## Initialization of Libraries

In [4]:
!pip install bpe

Looking in indexes: https://pypi.org/simple, https://us-python.pkg.dev/colab-wheels/public/simple/


## Imports

In [5]:
#Imports
from nltk.tokenize import WhitespaceTokenizer
from spacy.tokenizer import Tokenizer
from spacy.lang.en import English
from spacy.lang.fa import Persian
from bpe import Encoder

In [6]:
from nltk.tokenize import WhitespaceTokenizer
whiteSpace_tokenizer=WhitespaceTokenizer()

## A:

### 1) White Space Tokenization

Whitespace tokenization is a simple method of breaking a text into words or tokens by using whitespace characters such as spaces, tabs, and newlines as delimiters. 

This approach assumes that words are separated by whitespace and punctuation marks. 

For example, the sentence "The quick brown fox jumped over the lazy dog" would be tokenized into a list of individual words: ["The", "quick", "brown", "fox", "jumped", "over", "the", "lazy", "dog"].

While this method is easy to implement, it does not handle all tokenization scenarios. For instance, contractions like "don't" and hyphenated words like "self-driving" are not correctly handled using whitespace tokenization. As a result, more sophisticated tokenization methods such as Spacy or BPE subword tokenization are often preferred for NLP applications.

White space tokenization gives a good answer for :

In [7]:
print(WhitespaceTokenizer().tokenize("The quick brown fox jumped over the lazy dog."))

['The', 'quick', 'brown', 'fox', 'jumped', 'over', 'the', 'lazy', 'dog.']


But can't handle :

In [8]:
print(WhitespaceTokenizer().tokenize("I'd jump over the lazy dog."))

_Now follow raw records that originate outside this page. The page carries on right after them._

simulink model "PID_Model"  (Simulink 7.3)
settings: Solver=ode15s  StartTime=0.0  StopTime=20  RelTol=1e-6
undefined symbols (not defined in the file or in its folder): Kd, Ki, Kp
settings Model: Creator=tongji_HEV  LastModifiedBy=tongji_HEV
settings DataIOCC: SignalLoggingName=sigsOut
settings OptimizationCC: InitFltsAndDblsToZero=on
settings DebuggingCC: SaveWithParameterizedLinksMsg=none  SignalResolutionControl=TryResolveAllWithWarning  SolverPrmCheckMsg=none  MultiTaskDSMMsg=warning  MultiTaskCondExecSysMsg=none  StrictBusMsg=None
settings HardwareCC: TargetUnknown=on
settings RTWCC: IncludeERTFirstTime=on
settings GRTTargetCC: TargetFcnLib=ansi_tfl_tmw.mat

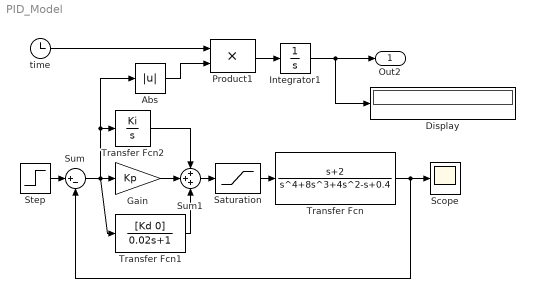
== system PID_Model ==
  Abs : Abs  ZeroCross=off  SaturateOnIntegerOverflow=on
  Display : Display
  Gain : Gain  Gain=Kp  ParameterDataType=sfix(16)  ParameterScaling=2^0  OutDataType=sfix(16)  OutScaling=2^0
  Integrator1 : Integrator
  Product1 : Product  OutDataType=sfix(16)  OutScaling=2^0  SaturateOnIntegerOverflow=on  OutDataTypeStr=Inherit: Same as first input
  Saturation : Saturate  UpperLimit=5  LowerLimit=-5
  Scope : Scope
      settings: TimeRange=10  YMin=0  YMax=1.4  SaveName=yy  DataFormat=Array
  Step : Step  Time=0  SampleTime=0
  Sum : Sum  Inputs=|+-  OutDataType=sfix(16)  OutScaling=2^0  SaturateOnIntegerOverflow=on
  Sum1 : Sum  Inputs=+++  OutDataType=sfix(16)  OutScaling=2^0  SaturateOnIntegerOverflow=on
  Transfer Fcn : TransferFcn  Numerator=[1 2 ]  Denominator=[1 8 4 -1 0.4]
  Transfer Fcn1 : TransferFcn  Numerator=[Kd 0]  Denominator=[0.02 1 ]
  Transfer Fcn2 : TransferFcn  Numerator=Ki  Denominator=[1 0 ]
  time : Clock
      settings: Decimation=10
  Out2 : Outport  OutDataType=sfix(16)  OutScaling=2^0
  wires:
  Step/1 -> Sum/1
  Sum/1 -> Transfer Fcn1/1, Gain/1, Abs/1, Transfer Fcn2/1
  Transfer Fcn/1 -> Scope/1, Sum/2
  time/1 -> Product1/1
  Integrator1/1 -> Out2/1, Display/1
  Product1/1 -> Integrator1/1
  Abs/1 -> Product1/2
  Sum1/1 -> Saturation/1
  Saturation/1 -> Transfer Fcn/1
  Gain/1 -> Sum1/2
  Transfer Fcn1/1 -> Sum1/3
  Transfer Fcn2/1 -> Sum1/1
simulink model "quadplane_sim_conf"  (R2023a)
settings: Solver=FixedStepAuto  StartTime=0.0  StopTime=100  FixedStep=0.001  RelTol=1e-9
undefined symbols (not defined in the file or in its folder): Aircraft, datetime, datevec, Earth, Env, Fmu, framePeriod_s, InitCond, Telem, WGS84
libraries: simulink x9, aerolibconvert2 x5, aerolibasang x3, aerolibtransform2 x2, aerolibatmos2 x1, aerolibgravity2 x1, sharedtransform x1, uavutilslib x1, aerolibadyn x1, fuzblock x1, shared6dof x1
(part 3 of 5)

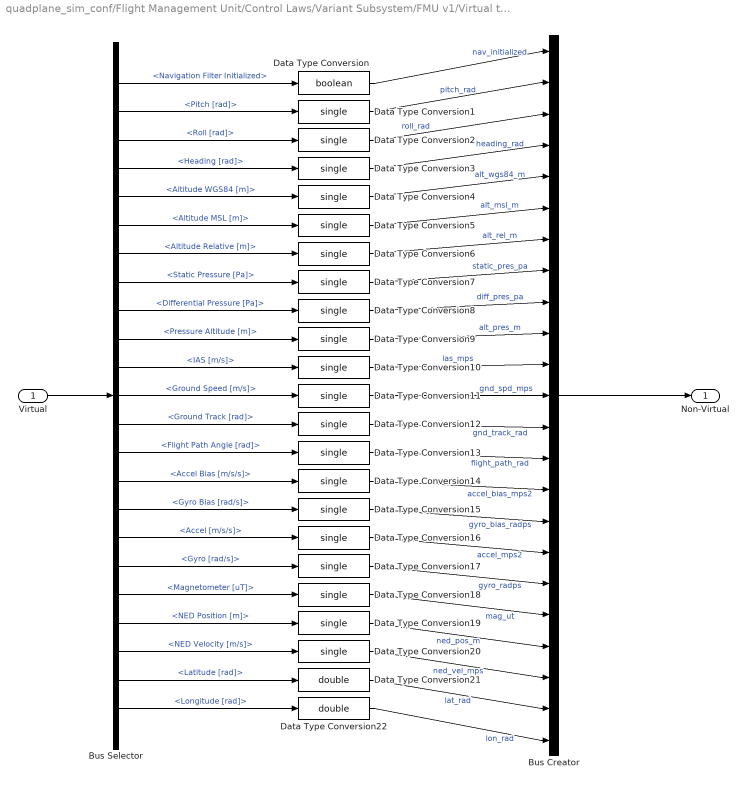
== system quadplane_sim_conf/Flight Management Unit/Control Laws/Variant Subsystem/FMU v1/Virtual to Non-Virtual Mapping2 ==
  Virtual : Inport
  Bus Creator : BusCreator  Inputs=23  OutDataTypeStr=Bus: NavData  NonVirtualBus=on
  Bus Selector : BusSelector  OutputSignals=Navigation Filter Initialized,Pitch [rad],Roll [rad],Heading [rad],Altitude WGS84 [m],Altitude MSL [m],Altitude Relative [m],Static Pressure [Pa],Differential Pressure [Pa],Pressure Altitude [m],IAS [m/s],Ground Speed [m/s],Ground Track [rad],Flight Path Angle [rad],Accel Bias [m/s/s],Gyro Bias [rad/s],Accel [m/s/s],Gyro [rad/s],Magnetometer [uT],NED Position [m],NED Velocity [m/s],Latitude [rad],Longitude [rad]
  Data Type Conversion : DataTypeConversion  OutDataTypeStr=boolean  SaturateOnIntegerOverflow=off  RndMeth=Floor
  Data Type Conversion{1..20} (20 alike) : DataTypeConversion  OutDataTypeStr=single  SaturateOnIntegerOverflow=off  RndMeth=Floor
  Data Type Conversion21 : DataTypeConversion  OutDataTypeStr=double  SaturateOnIntegerOverflow=off  RndMeth=Floor
  Data Type Conversion22 : DataTypeConversion  OutDataTypeStr=double  SaturateOnIntegerOverflow=off  RndMeth=Floor
  Non-Virtual : Outport  OutDataTypeStr=Bus: NavData
  wires:
  Data Type Conversion17/1 -> Bus Creator/18  "gyro_radps"
  Data Type Conversion22/1 -> Bus Creator/23  "lon_rad"
  Data Type Conversion21/1 -> Bus Creator/22  "lat_rad"
  Data Type Conversion20/1 -> Bus Creator/21  "ned_vel_mps"
  Data Type Conversion19/1 -> Bus Creator/20  "ned_pos_m"
  Data Type Conversion18/1 -> Bus Creator/19  "mag_ut"
  Data Type Conversion16/1 -> Bus Creator/17  "accel_mps2"
  Data Type Conversion15/1 -> Bus Creator/16  "gyro_bias_radps"
  Data Type Conversion14/1 -> Bus Creator/15  "accel_bias_mps2"
  Data Type Conversion13/1 -> Bus Creator/14  "flight_path_rad"
  Data Type Conversion12/1 -> Bus Creator/13  "gnd_track_rad"
  Data Type Conversion11/1 -> Bus Creator/12  "gnd_spd_mps"
  Data Type Conversion10/1 -> Bus Creator/11  "ias_mps"
  Data Type Conversion9/1 -> Bus Creator/10  "alt_pres_m"
  Data Type Conversion8/1 -> Bus Creator/9  "diff_pres_pa"
  Data Type Conversion7/1 -> Bus Creator/8  "static_pres_pa"
  Data Type Conversion6/1 -> Bus Creator/7  "alt_rel_m"
  Data Type Conversion5/1 -> Bus Creator/6  "alt_msl_m"
  Data Type Conversion4/1 -> Bus Creator/5  "alt_wgs84_m"
  Data Type Conversion3/1 -> Bus Creator/4  "heading_rad"
  Data Type Conversion2/1 -> Bus Creator/3  "roll_rad"
  Data Type Conversion1/1 -> Bus Creator/2  "pitch_rad"
  Data Type Conversion/1 -> Bus Creator/1  "nav_initialized"
  Bus Selector/23 -> Data Type Conversion22/1  "<Longitude [rad]>"
  Bus Selector/22 -> Data Type Conversion21/1  "<Latitude [rad]>"
  Bus Selector/21 -> Data Type Conversion20/1  "<NED Velocity [m/s]>"
  Bus Selector/20 -> Data Type Conversion19/1  "<NED Position [m]>"
  Bus Selector/19 -> Data Type Conversion18/1  "<Magnetometer [uT]>"
  Bus Selector/18 -> Data Type Conversion17/1  "<Gyro [rad/s]>"
  Bus Selector/17 -> Data Type Conversion16/1  "<Accel [m/s/s]>"
  Bus Selector/16 -> Data Type Conversion15/1  "<Gyro Bias [rad/s]>"
  Bus Selector/15 -> Data Type Conversion14/1  "<Accel Bias [m/s/s]>"
  Bus Selector/14 -> Data Type Conversion13/1  "<Flight Path Angle [rad]>"
  Bus Selector/13 -> Data Type Conversion12/1  "<Ground Track [rad]>"
  Bus Selector/12 -> Data Type Conversion11/1  "<Ground Speed [m/s]>"
  Bus Selector/11 -> Data Type Conversion10/1  "<IAS [m/s]>"
  Bus Selector/10 -> Data Type Conversion9/1  "<Pressure Altitude [m]>"
  Bus Selector/9 -> Data Type Conversion8/1  "<Differential Pressure [Pa]>"
  Bus Selector/8 -> Data Type Conversion7/1  "<Static Pressure [Pa]>"
  Bus Selector/7 -> Data Type Conversion6/1  "<Altitude Relative [m]>"
  Bus Selector/6 -> Data Type Conversion5/1  "<Altitude MSL [m]>"
  Bus Selector/5 -> Data Type Conversion4/1  "<Altitude WGS84 [m]>"
  Bus Selector/4 -> Data Type Conversion3/1  "<Heading [rad]>"
  Bus Selector/3 -> Data Type Conversion2/1  "<Roll [rad]>"
  Bus Selector/2 -> Data Type Conversion1/1  "<Pitch [rad]>"
  Bus Selector/1 -> Data Type Conversion/1  "<Navigation Filter Initialized>"
  Bus Creator/1 -> Non-Virtual/1
  Virtual/1 -> Bus Selector/1

== system quadplane_sim_conf/Flight Management Unit/Control Laws/Variant Subsystem/FMU v1/Virtual to Non-Virtual Mapping3 ==
  Virtual : Inport
  Bus Creator : BusCreator  Inputs=11  OutDataTypeStr=Bus: TelemData  NonVirtualBus=on
  Bus Selector : BusSelector  OutputSignals=Waypoints Updated,Fence Updated,Rally Points Updated,Current Waypoint Index,Number of Waypoints,Number of Fence Points,Number of Rally Points,Parameters,Flight Plan,Fence,Rally
  Data Type Conversion : DataTypeConversion  OutDataTypeStr=boolean  SaturateOnIntegerOverflow=off  RndMeth=Floor
  Data Type Conversion1 : DataTypeConversion  OutDataTypeStr=boolean  SaturateOnIntegerOverflow=off  RndMeth=Floor
  Data Type Conversion2 : DataTypeConversion  OutDataTypeStr=boolean  SaturateOnIntegerOverflow=off  RndMeth=Floor
  Data Type Conversion{3..6} (4 alike) : DataTypeConversion  OutDataTypeStr=int16  SaturateOnIntegerOverflow=off  RndMeth=Floor
  Data Type Conversion7 : DataTypeConversion  OutDataTypeStr=single  SaturateOnIntegerOverflow=off  RndMeth=Floor
  Signal Conversion : SignalConversion  ConversionOutput=Nonvirtual bus  OverrideOpt=off
  Signal Conversion1 : SignalConversion  ConversionOutput=Nonvirtual bus  OverrideOpt=off
  Signal Conversion2 : SignalConversion  ConversionOutput=Nonvirtual bus  OverrideOpt=off
  Non-Virtual : Outport  OutDataTypeStr=Bus: TelemData
  wires:
  Signal Conversion2/1 -> Bus Creator/11  "rally"
  Signal Conversion1/1 -> Bus Creator/10  "fence"
  Signal Conversion/1 -> Bus Creator/9  "flight_plan"
  Bus Selector/11 -> Signal Conversion2/1  "<Rally>"
  Bus Selector/10 -> Signal Conversion1/1  "<Fence>"
  Bus Selector/9 -> Signal Conversion/1  "<Flight Plan>"
  Data Type Conversion7/1 -> Bus Creator/8  "param"
  Data Type Conversion6/1 -> Bus Creator/7  "num_rally_points"
  Data Type Conversion5/1 -> Bus Creator/6  "num_fence_items"
  Data Type Conversion4/1 -> Bus Creator/5  "num_waypoints"
  Data Type Conversion3/1 -> Bus Creator/4  "current_waypoint"
  Data Type Conversion2/1 -> Bus Creator/3  "rally_points_updated"
  Data Type Conversion1/1 -> Bus Creator/2  "fence_updated"
  Data Type Conversion/1 -> Bus Creator/1  "waypoints_updated"
  Bus Selector/8 -> Data Type Conversion7/1  "<Parameters>"
  Bus Selector/7 -> Data Type Conversion6/1  "<Number of Rally Points>"
  Bus Selector/6 -> Data Type Conversion5/1  "<Number of Fence Points>"
  Bus Selector/5 -> Data Type Conversion4/1  "<Number of Waypoints>"
  Bus Selector/4 -> Data Type Conversion3/1  "<Current Waypoint Index>"
  Bus Selector/3 -> Data Type Conversion2/1  "<Rally Points Updated>"
  Bus Selector/2 -> Data Type Conversion1/1  "<Fence Updated>"
  Bus Selector/1 -> Data Type Conversion/1  "<Waypoints Updated>"
  Bus Creator/1 -> Non-Virtual/1
  Virtual/1 -> Bus Selector/1

== system quadplane_sim_conf/Flight Management Unit/Control Laws/Variant Subsystem/FMU v1/Virtual to Non-Virtual Mapping4 ==
  Non-Virtual : Inport  OutDataTypeStr=Bus: ControlData
  Bus Creator : BusCreator  Inputs=5
  Bus Selector : BusSelector  OutputSignals=waypoint_reached,mode,sbus,pwm,aux
  Data Type Conversion{1..4,22} (5 alike) : DataTypeConversion  OutDataTypeStr=double  SaturateOnIntegerOverflow=off  RndMeth=Floor
  Virtual : Outport
  wires:
  Data Type Conversion4/1 -> Bus Creator/5  "AUX"
  Data Type Conversion3/1 -> Bus Creator/4  "PWM"
  Bus Selector/5 -> Data Type Conversion4/1  "<aux>"
  Bus Selector/4 -> Data Type Conversion3/1  "<pwm>"
  Data Type Conversion2/1 -> Bus Creator/3  "SBUS"
  Bus Selector/3 -> Data Type Conversion2/1  "<sbus>"
  Data Type Conversion1/1 -> Bus Creator/2  "Mode"
  Bus Selector/2 -> Data Type Conversion1/1  "<mode>"
  Data Type Conversion22/1 -> Bus Creator/1  "Waypoint Reached"
  Bus Selector/1 -> Data Type Conversion22/1  "<waypoint_reached>"
  Bus Creator/1 -> Virtual/1
  Non-Virtual/1 -> Bus Selector/1

== system quadplane_sim_conf/Flight Management Unit/Control Laws/Variant Subsystem/FMU v1/Virtual to Non-Virtual Mapping5 ==
  Virtual : Inport
  Bus Creator : BusCreator  Inputs=7  OutDataTypeStr=Bus: SensorData  NonVirtualBus=on
  Bus Selector : BusSelector  OutputSignals=Pitot Static Installed,Inceptor,IMU,GNSS,Static Pressure,Differential Pressure,Analog
  Data Type Conversion : DataTypeConversion  OutDataTypeStr=boolean  SaturateOnIntegerOverflow=off  RndMeth=Floor
  Virtual to Non-Virtual Mapping1 : Subsystem
  Virtual to Non-Virtual Mapping2 : Subsystem
  Virtual to Non-Virtual Mapping3 : Subsystem
  Virtual to Non-Virtual Mapping4 : Subsystem
  Virtual to Non-Virtual Mapping5 : Subsystem
  Virtual to Non-Virtual Mapping6 : Subsystem
  Non-Virtual : Outport  OutDataTypeStr=Bus: SensorData
  wires:
  Virtual/1 -> Bus Selector/1
  Bus Creator/1 -> Non-Virtual/1
  Bus Selector/1 -> Data Type Conversion/1  "<Pitot Static Installed>"
  Data Type Conversion/1 -> Bus Creator/1  "pitot_static_installed"
  Bus Selector/2 -> Virtual to Non-Virtual Mapping1/1(Virtual)  "<Inceptor>"
  Virtual to Non-Virtual Mapping1/1(Non-Virtual) -> Bus Creator/2  "inceptor"
  Virtual to Non-Virtual Mapping2/1(Non-Virtual) -> Bus Creator/3  "imu"
  Bus Selector/3 -> Virtual to Non-Virtual Mapping2/1(Virtual)  "<IMU>"
  Virtual to Non-Virtual Mapping3/1(Non-Virtual) -> Bus Creator/4  "gnss"
  Bus Selector/4 -> Virtual to Non-Virtual Mapping3/1(Virtual)  "<GNSS>"
  Virtual to Non-Virtual Mapping4/1(Non-Virtual) -> Bus Creator/5  "static_pres"
  Bus Selector/5 -> Virtual to Non-Virtual Mapping4/1(Virtual)  "<Static Pressure>"
  Virtual to Non-Virtual Mapping5/1(Non-Virtual) -> Bus Creator/6  "diff_pres"
  Bus Selector/6 -> Virtual to Non-Virtual Mapping5/1(Virtual)  "<Differential Pressure>"
  Bus Selector/7 -> Virtual to Non-Virtual Mapping6/1(Virtual)  "<Analog>"
  Virtual to Non-Virtual Mapping6/1(Non-Virtual) -> Bus Creator/7  "adc"

== system quadplane_sim_conf/Flight Management Unit/Control Laws/Variant Subsystem/FMU v2/Virtual to Non-Virtual Mapping ==
  Virtual : Inport
  Bus Creator : BusCreator  Inputs=2  OutDataTypeStr=Bus: SysData  NonVirtualBus=on
  Bus Selector : BusSelector  OutputSignals=Frame Time [us],System Time [us]
  Data Type Conversion : DataTypeConversion  OutDataTypeStr=int32  SaturateOnIntegerOverflow=off  RndMeth=Floor
  Data Type Conversion5 : DataTypeConversion  OutDataTypeStr=int64  SaturateOnIntegerOverflow=off  RndMeth=Floor
  Non-Virtual : Outport  OutDataTypeStr=Bus: SysData
  wires:
  Bus Creator/1 -> Non-Virtual/1
  Virtual/1 -> Bus Selector/1
  Bus Selector/1 -> Data Type Conversion/1  "<Frame Time [us]>"
  Data Type Conversion/1 -> Bus Creator/1  "frame_time_us"
  Bus Selector/2 -> Data Type Conversion5/1  "<System Time [us]>"
  Data Type Conversion5/1 -> Bus Creator/2  "sys_time_us"

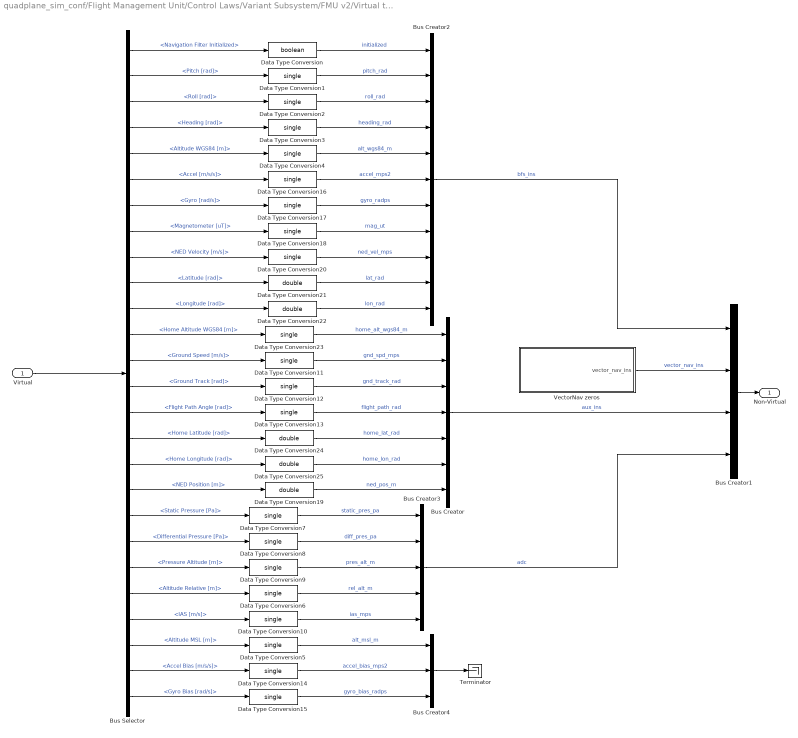
== system quadplane_sim_conf/Flight Management Unit/Control Laws/Variant Subsystem/FMU v2/Virtual to Non-Virtual Mapping1 ==
  Virtual : Inport
  Bus Creator : BusCreator  Inputs=7  OutDataTypeStr=Bus: AuxInsData
  Bus Creator1 : BusCreator  Inputs=4  OutDataTypeStr=Bus: StateEstData
  Bus Creator2 : BusCreator  Inputs=11  OutDataTypeStr=Bus: InsData
  Bus Creator3 : BusCreator  Inputs=5  OutDataTypeStr=Bus: AdcData
  Bus Creator4 : BusCreator  Inputs=3
  Bus Selector : BusSelector  OutputSignals=Navigation Filter Initialized,Pitch [rad],Roll [rad],Heading [rad],Altitude WGS84 [m],Accel [m/s/s],Gyro [rad/s],Magnetometer [uT],NED Velocity [m/s],Latitude [rad],Longitude [rad],Home Altitude WGS84 [m],Ground Speed [m/s],Ground Track [rad],Flight Path Angle [rad],Home Latitude [rad],Home Longitude [rad],NED Position [m],Static Pressure [Pa],Differential Pressure [Pa],Pressure Altitude [m],Altitude Relative [m],IAS [m/s],Altitude MSL [m],Accel Bias [m/s/s],Gyro Bias [rad/s]
  Data Type Conversion : DataTypeConversion  OutDataTypeStr=boolean  SaturateOnIntegerOverflow=off  RndMeth=Floor
  Data Type Conversion{1..18,20,23} (20 alike) : DataTypeConversion  OutDataTypeStr=single  SaturateOnIntegerOverflow=off  RndMeth=Floor
  Data Type Conversion{19,21..22,24..25} (5 alike) : DataTypeConversion  OutDataTypeStr=double  SaturateOnIntegerOverflow=off  RndMeth=Floor
  Terminator : Terminator
  VectorNav zeros : Subsystem
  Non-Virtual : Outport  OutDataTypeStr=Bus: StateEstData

["I'd", 'jump', 'over', 'the', 'lazy', 'dog.']


### 2) Spacy Tokenizer

The Spacy tokenizer is a highly customizable tokenizer provided by the Spacy NLP library. 

It uses a combination of rule-based techniques and machine learning to split text into tokens. The Spacy tokenizer is capable of handling complex tokenization scenarios such as separating punctuation from words, identifying contractions, and handling hyphenated words. It also includes a number of pre-built rules for common tokenization tasks.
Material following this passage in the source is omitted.